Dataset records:
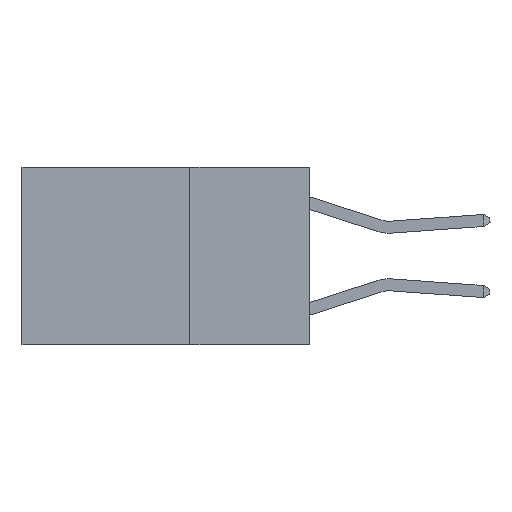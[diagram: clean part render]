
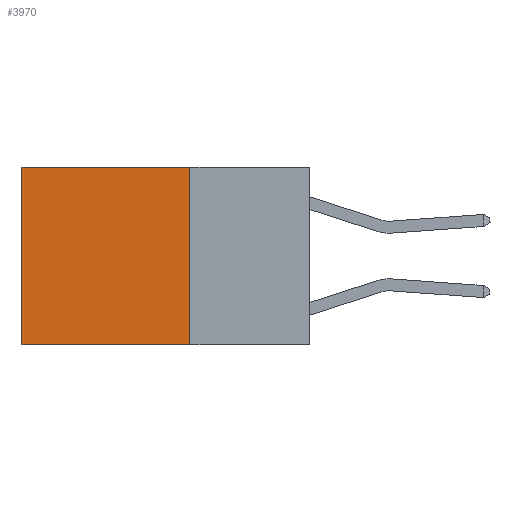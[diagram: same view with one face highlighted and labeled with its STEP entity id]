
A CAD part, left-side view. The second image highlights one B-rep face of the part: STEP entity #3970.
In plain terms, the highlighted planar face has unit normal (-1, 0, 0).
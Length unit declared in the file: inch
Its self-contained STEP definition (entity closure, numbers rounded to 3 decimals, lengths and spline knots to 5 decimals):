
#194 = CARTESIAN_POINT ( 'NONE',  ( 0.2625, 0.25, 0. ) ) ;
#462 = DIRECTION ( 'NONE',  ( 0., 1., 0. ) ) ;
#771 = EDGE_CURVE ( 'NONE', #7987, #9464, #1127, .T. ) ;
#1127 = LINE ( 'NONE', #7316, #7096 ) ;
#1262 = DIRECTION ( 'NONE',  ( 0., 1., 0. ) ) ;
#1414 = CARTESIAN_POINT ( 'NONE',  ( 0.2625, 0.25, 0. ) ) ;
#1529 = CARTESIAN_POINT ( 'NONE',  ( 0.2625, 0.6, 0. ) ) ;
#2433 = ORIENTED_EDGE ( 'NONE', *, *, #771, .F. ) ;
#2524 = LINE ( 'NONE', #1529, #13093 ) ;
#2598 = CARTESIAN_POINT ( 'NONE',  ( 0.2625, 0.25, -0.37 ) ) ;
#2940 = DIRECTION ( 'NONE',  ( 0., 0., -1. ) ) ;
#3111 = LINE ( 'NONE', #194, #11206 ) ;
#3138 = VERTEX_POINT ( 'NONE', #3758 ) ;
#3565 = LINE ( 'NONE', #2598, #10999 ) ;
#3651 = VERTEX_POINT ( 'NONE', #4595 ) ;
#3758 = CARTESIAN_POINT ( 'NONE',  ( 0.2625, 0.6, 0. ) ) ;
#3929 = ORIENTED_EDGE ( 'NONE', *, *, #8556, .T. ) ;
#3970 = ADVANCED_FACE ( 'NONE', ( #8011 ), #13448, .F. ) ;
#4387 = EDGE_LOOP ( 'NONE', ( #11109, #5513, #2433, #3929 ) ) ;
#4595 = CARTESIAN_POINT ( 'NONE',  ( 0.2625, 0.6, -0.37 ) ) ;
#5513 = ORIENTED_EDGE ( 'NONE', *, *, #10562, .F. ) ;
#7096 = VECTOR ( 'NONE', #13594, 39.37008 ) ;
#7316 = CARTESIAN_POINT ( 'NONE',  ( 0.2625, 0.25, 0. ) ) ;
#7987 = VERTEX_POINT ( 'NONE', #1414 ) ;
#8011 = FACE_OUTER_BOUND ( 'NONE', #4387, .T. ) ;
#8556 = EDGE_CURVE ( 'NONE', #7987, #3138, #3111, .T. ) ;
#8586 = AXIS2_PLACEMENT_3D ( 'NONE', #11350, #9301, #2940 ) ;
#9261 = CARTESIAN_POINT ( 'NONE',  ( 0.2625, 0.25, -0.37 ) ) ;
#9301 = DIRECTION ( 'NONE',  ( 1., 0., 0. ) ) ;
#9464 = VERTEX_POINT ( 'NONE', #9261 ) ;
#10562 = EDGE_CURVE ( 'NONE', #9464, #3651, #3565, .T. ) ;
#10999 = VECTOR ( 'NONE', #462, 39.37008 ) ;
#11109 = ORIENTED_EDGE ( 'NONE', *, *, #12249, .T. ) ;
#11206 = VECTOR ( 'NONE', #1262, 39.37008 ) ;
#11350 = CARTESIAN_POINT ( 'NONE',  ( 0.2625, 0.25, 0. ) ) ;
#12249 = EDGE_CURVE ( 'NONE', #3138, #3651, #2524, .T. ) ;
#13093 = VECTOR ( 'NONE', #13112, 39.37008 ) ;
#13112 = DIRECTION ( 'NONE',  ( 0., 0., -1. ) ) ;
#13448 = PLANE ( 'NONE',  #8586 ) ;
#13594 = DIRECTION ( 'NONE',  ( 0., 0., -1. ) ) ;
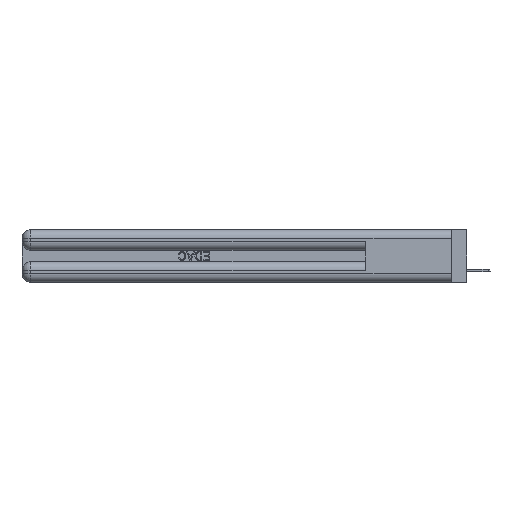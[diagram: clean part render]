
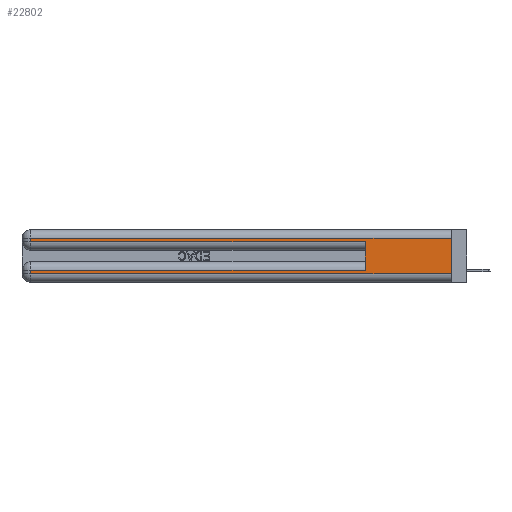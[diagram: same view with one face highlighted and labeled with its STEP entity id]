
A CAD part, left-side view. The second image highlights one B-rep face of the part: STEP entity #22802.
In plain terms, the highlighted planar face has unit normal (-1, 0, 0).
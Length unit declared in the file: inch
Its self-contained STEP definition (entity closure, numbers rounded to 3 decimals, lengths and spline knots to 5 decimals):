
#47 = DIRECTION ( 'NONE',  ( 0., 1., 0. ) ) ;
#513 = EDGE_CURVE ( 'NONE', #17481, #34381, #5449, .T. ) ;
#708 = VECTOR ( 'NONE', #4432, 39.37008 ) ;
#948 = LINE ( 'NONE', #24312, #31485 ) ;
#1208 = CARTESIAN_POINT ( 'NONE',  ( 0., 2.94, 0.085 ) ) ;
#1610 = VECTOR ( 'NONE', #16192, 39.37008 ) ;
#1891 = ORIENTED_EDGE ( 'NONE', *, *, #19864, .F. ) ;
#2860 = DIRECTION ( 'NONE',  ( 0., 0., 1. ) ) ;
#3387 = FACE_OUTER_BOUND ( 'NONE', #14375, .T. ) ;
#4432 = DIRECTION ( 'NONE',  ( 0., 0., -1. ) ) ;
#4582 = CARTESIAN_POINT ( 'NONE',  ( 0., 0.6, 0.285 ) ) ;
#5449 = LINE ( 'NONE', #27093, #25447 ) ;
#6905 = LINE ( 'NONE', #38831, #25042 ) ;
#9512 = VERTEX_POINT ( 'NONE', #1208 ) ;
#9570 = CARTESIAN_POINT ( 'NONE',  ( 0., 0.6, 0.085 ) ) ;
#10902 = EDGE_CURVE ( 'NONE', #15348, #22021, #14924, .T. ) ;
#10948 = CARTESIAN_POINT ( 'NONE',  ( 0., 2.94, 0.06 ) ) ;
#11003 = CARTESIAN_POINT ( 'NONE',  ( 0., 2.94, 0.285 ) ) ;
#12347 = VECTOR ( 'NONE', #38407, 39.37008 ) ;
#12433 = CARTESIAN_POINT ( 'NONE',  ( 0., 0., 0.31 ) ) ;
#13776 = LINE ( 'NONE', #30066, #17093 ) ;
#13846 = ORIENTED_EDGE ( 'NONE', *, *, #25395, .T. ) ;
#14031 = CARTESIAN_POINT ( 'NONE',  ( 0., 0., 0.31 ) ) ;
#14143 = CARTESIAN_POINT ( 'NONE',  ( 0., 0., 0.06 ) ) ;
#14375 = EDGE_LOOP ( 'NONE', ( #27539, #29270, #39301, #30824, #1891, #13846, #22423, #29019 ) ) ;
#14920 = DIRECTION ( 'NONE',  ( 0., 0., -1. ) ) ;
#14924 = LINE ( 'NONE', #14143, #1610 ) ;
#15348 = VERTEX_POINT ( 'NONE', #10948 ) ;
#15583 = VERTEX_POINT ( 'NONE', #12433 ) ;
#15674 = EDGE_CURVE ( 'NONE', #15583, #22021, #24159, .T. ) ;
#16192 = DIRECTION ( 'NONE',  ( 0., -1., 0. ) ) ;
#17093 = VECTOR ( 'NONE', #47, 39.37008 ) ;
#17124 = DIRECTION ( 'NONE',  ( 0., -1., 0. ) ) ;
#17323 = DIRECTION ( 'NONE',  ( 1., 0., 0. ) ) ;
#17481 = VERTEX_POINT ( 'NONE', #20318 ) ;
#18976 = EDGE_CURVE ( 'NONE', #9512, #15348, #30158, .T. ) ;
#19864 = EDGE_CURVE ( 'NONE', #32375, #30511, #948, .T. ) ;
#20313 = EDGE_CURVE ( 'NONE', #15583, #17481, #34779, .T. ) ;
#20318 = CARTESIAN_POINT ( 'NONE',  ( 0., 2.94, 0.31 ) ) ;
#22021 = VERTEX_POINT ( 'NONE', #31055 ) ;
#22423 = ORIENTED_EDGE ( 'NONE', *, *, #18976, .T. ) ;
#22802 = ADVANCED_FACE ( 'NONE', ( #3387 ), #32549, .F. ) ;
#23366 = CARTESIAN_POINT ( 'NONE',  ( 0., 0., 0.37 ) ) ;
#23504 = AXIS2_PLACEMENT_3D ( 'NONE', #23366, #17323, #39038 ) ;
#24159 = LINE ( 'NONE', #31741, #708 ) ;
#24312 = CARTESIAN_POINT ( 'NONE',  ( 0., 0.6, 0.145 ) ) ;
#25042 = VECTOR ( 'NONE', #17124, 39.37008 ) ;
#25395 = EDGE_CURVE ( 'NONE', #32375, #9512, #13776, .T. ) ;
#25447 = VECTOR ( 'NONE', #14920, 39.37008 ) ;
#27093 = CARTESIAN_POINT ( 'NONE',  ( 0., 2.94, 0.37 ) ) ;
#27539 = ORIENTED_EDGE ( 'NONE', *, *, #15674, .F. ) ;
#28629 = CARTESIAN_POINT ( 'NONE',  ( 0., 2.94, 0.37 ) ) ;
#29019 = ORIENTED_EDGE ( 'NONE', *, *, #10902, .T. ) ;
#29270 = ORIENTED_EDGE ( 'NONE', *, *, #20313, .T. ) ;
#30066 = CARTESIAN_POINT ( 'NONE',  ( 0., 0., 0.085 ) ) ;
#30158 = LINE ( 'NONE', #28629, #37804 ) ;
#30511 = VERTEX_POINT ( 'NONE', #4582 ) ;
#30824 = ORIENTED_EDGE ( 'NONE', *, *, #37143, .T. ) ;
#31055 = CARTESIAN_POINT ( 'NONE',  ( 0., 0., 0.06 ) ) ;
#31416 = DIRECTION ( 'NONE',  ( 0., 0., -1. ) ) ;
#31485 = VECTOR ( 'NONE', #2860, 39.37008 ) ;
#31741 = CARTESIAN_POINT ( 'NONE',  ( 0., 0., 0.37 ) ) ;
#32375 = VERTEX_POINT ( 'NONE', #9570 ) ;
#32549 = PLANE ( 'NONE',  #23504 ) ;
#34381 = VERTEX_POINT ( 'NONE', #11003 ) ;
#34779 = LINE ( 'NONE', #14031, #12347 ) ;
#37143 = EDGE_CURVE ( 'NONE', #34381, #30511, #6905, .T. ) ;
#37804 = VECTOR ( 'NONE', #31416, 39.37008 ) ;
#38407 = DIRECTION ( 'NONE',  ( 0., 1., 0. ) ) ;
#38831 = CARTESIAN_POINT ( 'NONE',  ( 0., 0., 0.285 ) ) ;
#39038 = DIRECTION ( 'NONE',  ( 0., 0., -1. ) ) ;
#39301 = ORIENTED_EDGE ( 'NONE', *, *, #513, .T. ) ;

— Instructions to follow —
Look above for the line holding "STEP entity #3970." and the line holding "#5513 = ORIENTED_EDGE". Retype both, and every line between them, word for word and nothing else.

— Exercise response —
A CAD part, left-side view. The second image highlights one B-rep face of the part: STEP entity #3970.
In plain terms, the highlighted planar face has unit normal (-1, 0, 0).
Length unit declared in the file: inch
Its self-contained STEP definition (entity closure, numbers rounded to 3 decimals, lengths and spline knots to 5 decimals):
#194 = CARTESIAN_POINT ( 'NONE',  ( 0.2625, 0.25, 0. ) ) ;
#462 = DIRECTION ( 'NONE',  ( 0., 1., 0. ) ) ;
#771 = EDGE_CURVE ( 'NONE', #7987, #9464, #1127, .T. ) ;
#1127 = LINE ( 'NONE', #7316, #7096 ) ;
#1262 = DIRECTION ( 'NONE',  ( 0., 1., 0. ) ) ;
#1414 = CARTESIAN_POINT ( 'NONE',  ( 0.2625, 0.25, 0. ) ) ;
#1529 = CARTESIAN_POINT ( 'NONE',  ( 0.2625, 0.6, 0. ) ) ;
#2433 = ORIENTED_EDGE ( 'NONE', *, *, #771, .F. ) ;
#2524 = LINE ( 'NONE', #1529, #13093 ) ;
#2598 = CARTESIAN_POINT ( 'NONE',  ( 0.2625, 0.25, -0.37 ) ) ;
#2940 = DIRECTION ( 'NONE',  ( 0., 0., -1. ) ) ;
#3111 = LINE ( 'NONE', #194, #11206 ) ;
#3138 = VERTEX_POINT ( 'NONE', #3758 ) ;
#3565 = LINE ( 'NONE', #2598, #10999 ) ;
#3651 = VERTEX_POINT ( 'NONE', #4595 ) ;
#3758 = CARTESIAN_POINT ( 'NONE',  ( 0.2625, 0.6, 0. ) ) ;
#3929 = ORIENTED_EDGE ( 'NONE', *, *, #8556, .T. ) ;
#3970 = ADVANCED_FACE ( 'NONE', ( #8011 ), #13448, .F. ) ;
#4387 = EDGE_LOOP ( 'NONE', ( #11109, #5513, #2433, #3929 ) ) ;
#4595 = CARTESIAN_POINT ( 'NONE',  ( 0.2625, 0.6, -0.37 ) ) ;
#5513 = ORIENTED_EDGE ( 'NONE', *, *, #10562, .F. ) ;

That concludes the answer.